BEGIN
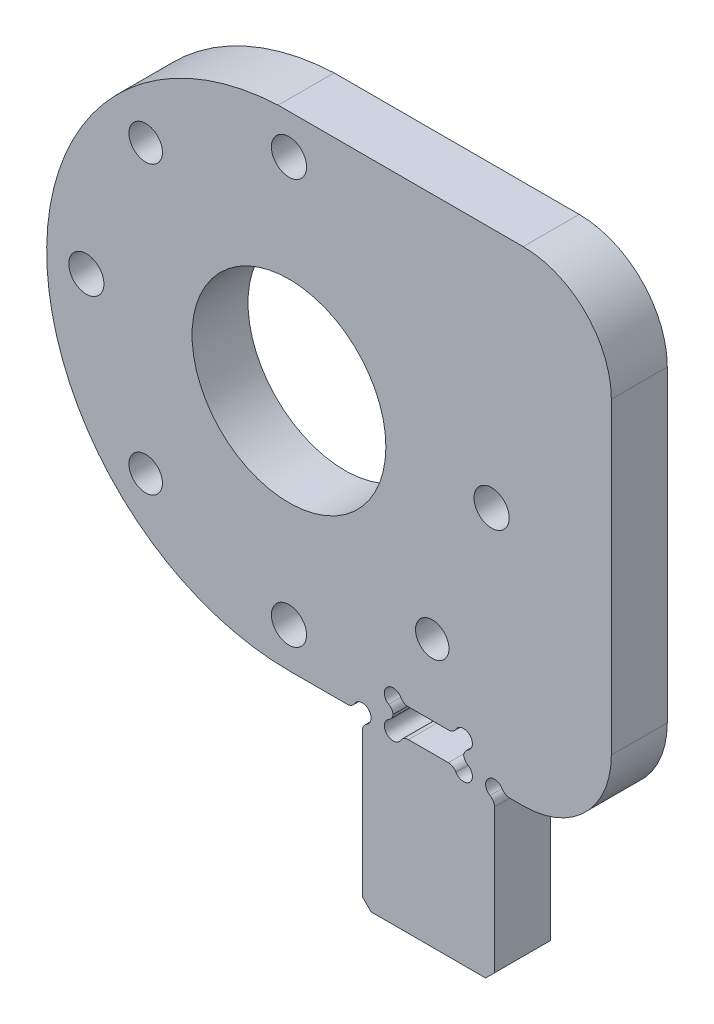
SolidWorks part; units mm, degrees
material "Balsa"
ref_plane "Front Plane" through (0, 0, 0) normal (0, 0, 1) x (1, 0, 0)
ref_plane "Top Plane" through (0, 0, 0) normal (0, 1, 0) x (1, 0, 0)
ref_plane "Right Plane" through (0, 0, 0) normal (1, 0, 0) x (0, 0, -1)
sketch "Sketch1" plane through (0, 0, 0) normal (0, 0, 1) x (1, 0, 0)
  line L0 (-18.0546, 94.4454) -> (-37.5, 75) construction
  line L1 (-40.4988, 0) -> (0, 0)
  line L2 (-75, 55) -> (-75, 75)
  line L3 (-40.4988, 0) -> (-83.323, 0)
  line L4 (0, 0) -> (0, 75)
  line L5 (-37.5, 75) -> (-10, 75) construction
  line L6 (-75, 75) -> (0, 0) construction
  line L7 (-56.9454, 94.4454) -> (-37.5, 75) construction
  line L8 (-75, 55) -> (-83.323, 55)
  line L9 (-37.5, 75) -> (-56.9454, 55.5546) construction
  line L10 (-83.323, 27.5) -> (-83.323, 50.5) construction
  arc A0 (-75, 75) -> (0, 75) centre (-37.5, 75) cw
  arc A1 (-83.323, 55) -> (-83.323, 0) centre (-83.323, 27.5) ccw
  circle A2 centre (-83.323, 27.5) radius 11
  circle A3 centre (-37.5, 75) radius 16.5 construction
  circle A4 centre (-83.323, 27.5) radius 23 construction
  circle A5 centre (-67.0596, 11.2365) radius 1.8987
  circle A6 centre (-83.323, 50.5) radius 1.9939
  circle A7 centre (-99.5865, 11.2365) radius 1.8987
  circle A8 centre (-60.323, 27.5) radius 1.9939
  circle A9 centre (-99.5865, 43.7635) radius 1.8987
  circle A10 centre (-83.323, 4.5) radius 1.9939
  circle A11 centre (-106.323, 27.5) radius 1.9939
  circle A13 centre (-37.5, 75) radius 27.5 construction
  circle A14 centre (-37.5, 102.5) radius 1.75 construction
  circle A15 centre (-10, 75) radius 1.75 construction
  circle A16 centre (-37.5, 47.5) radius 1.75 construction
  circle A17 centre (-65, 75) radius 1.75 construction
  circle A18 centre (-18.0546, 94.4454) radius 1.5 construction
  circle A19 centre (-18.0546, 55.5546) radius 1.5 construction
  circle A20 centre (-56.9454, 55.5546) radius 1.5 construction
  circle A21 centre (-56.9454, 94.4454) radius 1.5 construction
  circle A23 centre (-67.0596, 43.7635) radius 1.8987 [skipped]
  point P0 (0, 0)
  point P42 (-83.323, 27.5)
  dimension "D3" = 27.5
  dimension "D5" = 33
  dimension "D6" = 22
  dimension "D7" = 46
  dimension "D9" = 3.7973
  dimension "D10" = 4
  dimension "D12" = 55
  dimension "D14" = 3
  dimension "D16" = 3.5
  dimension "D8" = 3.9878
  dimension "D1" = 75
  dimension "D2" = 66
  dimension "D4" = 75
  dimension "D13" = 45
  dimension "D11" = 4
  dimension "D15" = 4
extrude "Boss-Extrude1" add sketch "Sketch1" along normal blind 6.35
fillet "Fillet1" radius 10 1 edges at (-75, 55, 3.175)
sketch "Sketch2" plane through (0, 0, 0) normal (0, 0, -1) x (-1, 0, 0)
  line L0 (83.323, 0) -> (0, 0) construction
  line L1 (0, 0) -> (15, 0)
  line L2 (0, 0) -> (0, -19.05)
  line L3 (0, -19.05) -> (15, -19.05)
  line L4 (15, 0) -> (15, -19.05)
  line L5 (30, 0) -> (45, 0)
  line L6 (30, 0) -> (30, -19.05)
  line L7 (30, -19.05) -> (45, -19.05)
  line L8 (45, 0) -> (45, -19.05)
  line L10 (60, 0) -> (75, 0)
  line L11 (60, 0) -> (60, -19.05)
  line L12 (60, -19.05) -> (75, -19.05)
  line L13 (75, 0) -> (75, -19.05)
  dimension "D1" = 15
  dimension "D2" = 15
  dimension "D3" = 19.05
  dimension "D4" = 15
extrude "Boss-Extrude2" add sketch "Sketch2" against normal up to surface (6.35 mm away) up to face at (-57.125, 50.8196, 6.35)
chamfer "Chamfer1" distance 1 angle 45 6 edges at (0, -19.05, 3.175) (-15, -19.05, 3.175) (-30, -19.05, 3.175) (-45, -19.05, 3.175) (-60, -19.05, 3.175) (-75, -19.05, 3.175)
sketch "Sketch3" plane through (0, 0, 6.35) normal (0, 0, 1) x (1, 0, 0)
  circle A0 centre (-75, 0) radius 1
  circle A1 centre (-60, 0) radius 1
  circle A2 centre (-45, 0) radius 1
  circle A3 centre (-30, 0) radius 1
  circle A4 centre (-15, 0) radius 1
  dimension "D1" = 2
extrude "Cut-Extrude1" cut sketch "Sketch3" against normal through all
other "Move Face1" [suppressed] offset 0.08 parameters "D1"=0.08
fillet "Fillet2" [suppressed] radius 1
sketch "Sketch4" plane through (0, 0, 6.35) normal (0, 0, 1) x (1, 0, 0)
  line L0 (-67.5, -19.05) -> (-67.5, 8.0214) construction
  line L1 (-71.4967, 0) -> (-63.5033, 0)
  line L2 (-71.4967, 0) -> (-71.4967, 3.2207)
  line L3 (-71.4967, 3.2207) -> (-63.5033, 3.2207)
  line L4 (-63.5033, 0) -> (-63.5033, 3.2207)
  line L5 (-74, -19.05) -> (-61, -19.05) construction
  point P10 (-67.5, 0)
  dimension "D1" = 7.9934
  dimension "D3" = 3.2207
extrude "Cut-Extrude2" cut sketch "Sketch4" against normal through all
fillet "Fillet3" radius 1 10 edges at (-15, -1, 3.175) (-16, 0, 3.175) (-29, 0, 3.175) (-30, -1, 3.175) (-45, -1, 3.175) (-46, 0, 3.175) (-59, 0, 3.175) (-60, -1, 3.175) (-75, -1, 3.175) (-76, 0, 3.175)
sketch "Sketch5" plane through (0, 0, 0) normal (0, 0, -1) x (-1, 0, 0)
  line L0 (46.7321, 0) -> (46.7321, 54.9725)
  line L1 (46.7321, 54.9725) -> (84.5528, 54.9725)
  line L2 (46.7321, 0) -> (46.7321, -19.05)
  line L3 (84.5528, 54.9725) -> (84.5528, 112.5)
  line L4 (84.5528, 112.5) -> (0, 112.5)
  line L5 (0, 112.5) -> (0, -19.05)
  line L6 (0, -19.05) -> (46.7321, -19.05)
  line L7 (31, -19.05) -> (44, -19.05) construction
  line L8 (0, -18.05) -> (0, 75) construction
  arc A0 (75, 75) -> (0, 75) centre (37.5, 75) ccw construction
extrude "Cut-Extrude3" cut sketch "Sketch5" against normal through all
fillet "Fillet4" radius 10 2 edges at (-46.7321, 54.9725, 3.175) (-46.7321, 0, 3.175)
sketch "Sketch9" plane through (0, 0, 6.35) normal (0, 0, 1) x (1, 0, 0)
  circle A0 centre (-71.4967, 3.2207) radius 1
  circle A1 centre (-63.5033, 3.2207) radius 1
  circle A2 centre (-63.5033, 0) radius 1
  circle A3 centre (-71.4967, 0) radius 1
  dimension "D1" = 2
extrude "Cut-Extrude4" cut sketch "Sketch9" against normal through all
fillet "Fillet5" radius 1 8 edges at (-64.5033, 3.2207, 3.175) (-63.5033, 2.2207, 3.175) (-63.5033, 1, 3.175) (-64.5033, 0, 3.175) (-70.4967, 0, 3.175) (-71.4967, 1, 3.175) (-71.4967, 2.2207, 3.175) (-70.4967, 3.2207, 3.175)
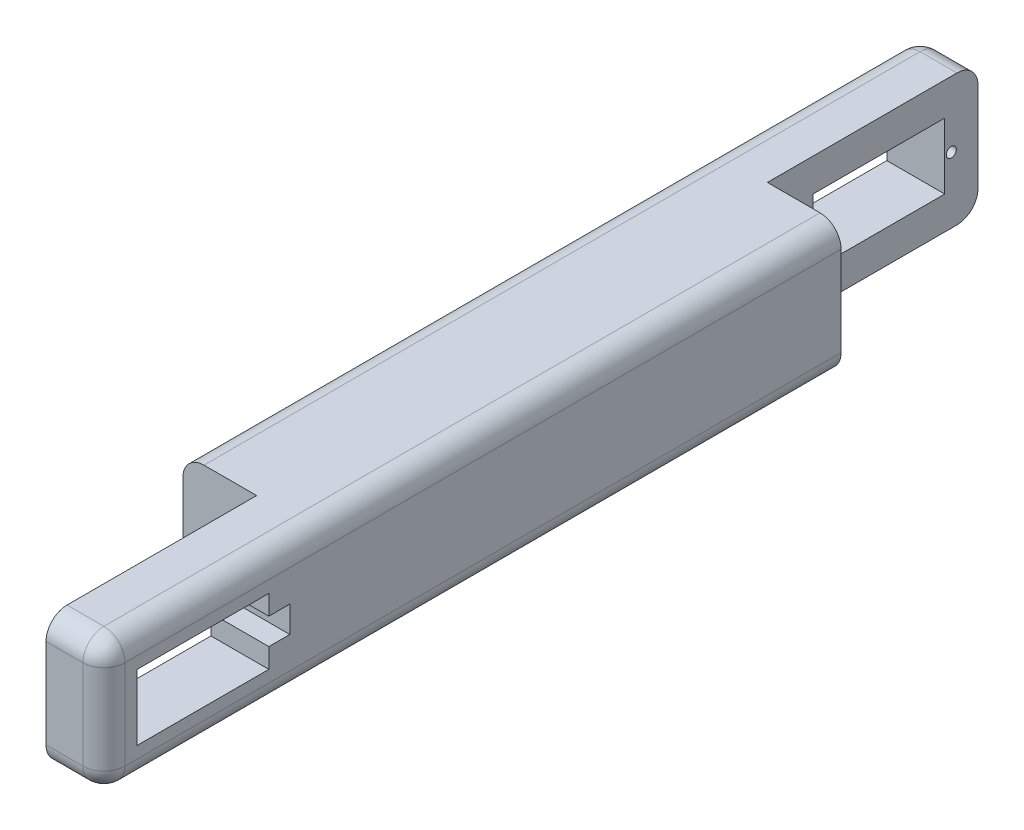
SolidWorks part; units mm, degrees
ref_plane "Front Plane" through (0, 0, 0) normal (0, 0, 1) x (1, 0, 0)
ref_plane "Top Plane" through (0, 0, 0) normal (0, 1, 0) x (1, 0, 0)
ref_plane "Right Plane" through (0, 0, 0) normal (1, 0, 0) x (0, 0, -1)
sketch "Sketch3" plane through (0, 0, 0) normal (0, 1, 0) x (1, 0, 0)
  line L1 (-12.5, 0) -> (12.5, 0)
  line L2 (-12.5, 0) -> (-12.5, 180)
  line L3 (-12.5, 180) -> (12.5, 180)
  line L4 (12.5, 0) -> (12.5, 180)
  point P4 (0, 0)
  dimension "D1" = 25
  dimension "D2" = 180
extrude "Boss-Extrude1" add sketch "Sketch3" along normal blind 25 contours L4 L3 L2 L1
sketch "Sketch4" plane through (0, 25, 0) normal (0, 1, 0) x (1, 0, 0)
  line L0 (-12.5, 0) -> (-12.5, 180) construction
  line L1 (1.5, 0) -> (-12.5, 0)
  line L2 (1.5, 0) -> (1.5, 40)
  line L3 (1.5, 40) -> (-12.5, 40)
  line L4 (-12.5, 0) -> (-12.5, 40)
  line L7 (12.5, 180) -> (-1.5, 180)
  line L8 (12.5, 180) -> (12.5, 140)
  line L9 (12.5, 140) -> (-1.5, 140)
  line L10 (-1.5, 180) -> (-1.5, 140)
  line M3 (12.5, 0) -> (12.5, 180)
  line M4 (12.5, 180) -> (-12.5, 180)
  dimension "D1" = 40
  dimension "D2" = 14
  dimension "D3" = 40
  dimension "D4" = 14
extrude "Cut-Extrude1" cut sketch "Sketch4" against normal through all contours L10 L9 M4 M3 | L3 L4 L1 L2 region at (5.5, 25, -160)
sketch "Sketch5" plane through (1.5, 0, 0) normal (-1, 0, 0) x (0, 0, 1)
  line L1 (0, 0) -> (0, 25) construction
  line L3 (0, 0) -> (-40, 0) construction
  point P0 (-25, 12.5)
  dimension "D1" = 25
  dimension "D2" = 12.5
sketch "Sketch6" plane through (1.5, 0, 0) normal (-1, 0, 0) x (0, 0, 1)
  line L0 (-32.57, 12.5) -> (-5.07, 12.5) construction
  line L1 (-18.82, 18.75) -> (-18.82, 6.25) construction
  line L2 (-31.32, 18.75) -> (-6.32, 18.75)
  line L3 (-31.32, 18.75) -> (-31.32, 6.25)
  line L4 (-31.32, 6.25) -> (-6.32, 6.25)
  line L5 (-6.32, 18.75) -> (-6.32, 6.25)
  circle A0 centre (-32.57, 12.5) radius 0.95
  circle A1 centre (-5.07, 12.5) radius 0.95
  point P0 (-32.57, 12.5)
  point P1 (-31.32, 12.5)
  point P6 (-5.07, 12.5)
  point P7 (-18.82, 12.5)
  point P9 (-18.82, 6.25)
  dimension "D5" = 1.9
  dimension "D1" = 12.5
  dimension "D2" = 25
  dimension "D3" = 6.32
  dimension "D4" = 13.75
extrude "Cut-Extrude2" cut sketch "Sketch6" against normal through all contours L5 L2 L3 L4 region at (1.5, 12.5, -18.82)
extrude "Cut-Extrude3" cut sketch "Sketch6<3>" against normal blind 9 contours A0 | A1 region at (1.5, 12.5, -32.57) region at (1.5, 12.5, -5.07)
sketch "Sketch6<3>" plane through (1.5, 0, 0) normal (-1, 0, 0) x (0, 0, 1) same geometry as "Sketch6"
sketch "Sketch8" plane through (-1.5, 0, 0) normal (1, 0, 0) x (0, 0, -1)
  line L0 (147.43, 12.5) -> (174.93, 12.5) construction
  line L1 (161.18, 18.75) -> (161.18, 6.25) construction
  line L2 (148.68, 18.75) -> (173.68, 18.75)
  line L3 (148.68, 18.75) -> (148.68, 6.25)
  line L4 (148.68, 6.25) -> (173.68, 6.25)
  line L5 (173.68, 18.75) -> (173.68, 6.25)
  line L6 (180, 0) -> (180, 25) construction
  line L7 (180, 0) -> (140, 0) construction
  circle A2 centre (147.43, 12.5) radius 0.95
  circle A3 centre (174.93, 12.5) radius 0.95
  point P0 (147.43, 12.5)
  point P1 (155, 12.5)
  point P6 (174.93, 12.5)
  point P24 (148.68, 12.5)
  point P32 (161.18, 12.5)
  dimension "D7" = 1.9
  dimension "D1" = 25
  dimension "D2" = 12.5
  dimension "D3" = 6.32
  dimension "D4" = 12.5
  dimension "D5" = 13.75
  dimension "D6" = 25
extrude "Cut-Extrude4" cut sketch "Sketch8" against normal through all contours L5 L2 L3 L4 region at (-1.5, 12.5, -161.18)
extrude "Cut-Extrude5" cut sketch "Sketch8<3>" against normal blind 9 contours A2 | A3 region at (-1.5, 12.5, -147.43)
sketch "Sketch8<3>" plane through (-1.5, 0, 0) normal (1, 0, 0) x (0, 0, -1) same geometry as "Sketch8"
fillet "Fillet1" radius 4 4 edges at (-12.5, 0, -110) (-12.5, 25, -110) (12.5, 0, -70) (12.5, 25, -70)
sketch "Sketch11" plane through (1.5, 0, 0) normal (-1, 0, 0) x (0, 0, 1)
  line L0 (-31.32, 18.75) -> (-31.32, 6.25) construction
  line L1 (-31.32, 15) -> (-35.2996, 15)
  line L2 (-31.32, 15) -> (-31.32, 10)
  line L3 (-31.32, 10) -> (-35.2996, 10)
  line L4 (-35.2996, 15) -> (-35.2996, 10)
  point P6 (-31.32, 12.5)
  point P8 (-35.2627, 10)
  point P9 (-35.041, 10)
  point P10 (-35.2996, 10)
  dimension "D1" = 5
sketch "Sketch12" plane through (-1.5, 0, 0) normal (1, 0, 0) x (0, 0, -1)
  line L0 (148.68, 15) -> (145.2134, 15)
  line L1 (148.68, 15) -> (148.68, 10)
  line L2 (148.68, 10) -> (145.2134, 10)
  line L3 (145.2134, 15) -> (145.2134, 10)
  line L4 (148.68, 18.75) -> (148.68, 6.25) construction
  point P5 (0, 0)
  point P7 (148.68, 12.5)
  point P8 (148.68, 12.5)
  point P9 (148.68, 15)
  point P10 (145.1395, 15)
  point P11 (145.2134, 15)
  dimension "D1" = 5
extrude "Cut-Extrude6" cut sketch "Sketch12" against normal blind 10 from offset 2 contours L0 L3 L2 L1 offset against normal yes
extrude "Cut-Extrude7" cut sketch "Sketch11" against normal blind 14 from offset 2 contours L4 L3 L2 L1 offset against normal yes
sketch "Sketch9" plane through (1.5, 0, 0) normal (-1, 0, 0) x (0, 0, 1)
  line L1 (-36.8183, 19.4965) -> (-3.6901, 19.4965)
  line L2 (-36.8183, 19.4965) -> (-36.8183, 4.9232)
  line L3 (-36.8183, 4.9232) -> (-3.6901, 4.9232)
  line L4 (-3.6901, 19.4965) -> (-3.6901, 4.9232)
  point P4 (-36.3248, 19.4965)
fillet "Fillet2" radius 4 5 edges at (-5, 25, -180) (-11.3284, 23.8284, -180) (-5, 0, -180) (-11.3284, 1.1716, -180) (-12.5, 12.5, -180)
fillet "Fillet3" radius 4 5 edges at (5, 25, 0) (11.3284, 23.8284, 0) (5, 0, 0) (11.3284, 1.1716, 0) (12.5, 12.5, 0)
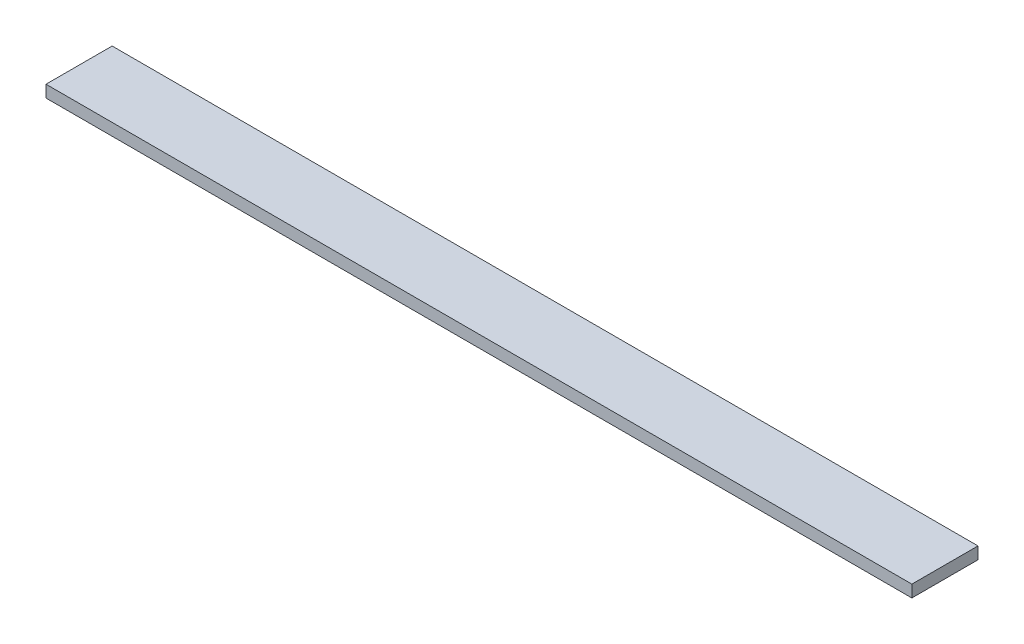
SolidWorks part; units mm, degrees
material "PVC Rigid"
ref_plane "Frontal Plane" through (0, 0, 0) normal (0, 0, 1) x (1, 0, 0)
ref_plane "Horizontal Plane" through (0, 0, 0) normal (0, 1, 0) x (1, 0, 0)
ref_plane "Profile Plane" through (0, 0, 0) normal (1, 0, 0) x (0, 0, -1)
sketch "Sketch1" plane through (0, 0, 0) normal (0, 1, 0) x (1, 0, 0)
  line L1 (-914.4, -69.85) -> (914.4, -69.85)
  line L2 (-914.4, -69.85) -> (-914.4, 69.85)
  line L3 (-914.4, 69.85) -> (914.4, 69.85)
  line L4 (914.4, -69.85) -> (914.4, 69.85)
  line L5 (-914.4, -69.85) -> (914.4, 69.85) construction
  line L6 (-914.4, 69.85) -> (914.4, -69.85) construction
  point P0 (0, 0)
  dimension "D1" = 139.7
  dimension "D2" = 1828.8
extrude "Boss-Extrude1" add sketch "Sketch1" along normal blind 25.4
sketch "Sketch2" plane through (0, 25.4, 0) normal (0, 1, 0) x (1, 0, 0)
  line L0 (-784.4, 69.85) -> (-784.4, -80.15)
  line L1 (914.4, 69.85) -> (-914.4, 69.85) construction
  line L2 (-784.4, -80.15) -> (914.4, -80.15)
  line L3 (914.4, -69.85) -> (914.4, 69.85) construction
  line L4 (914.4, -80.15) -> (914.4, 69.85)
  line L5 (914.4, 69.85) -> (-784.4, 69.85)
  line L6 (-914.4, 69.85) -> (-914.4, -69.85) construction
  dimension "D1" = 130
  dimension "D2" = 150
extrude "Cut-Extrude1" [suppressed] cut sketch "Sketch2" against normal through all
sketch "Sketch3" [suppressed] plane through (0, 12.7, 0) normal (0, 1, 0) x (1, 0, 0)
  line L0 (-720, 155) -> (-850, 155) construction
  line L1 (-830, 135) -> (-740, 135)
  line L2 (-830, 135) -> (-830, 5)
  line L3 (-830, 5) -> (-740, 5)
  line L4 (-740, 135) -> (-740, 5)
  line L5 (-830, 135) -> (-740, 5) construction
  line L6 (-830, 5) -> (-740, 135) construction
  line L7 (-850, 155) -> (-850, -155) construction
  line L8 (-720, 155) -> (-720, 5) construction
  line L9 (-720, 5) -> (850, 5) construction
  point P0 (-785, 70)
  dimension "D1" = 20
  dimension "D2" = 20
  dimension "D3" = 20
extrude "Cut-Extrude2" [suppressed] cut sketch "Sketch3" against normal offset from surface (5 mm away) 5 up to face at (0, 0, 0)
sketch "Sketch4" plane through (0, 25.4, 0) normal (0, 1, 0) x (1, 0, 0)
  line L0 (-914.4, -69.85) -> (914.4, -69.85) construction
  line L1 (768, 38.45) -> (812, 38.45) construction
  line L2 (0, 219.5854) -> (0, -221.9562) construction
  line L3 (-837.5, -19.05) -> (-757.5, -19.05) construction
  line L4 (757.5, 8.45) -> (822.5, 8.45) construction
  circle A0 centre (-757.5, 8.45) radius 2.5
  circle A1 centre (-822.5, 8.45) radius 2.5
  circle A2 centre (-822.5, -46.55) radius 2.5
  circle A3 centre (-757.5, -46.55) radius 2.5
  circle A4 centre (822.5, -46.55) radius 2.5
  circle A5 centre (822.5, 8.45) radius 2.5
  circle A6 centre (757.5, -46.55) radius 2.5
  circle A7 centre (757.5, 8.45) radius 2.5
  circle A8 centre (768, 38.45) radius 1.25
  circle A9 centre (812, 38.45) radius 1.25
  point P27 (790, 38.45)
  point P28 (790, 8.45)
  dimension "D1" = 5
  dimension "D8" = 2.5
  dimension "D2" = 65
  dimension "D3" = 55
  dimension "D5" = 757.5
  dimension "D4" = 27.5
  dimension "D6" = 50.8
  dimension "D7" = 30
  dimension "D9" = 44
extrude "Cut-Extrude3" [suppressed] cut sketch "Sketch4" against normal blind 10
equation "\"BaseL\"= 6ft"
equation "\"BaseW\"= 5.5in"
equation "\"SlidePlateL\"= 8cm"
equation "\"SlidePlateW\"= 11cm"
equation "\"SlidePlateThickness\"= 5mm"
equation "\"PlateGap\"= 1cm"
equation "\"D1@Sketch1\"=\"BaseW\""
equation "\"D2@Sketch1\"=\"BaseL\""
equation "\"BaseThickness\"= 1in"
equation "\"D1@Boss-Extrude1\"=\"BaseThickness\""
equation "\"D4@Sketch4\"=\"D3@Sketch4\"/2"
END
Which lines above hold the word "region"? Copy each of them.

extrude "Cut-Extrude1" cut sketch "Sketch4" against normal through all contours L10 L9 M4 M3 | L3 L4 L1 L2 region at (5.5, 25, -160)
extrude "Cut-Extrude2" cut sketch "Sketch6" against normal through all contours L5 L2 L3 L4 region at (1.5, 12.5, -18.82)
extrude "Cut-Extrude3" cut sketch "Sketch6<3>" against normal blind 9 contours A0 | A1 region at (1.5, 12.5, -32.57) region at (1.5, 12.5, -5.07)
extrude "Cut-Extrude4" cut sketch "Sketch8" against normal through all contours L5 L2 L3 L4 region at (-1.5, 12.5, -161.18)
extrude "Cut-Extrude5" cut sketch "Sketch8<3>" against normal blind 9 contours A2 | A3 region at (-1.5, 12.5, -147.43)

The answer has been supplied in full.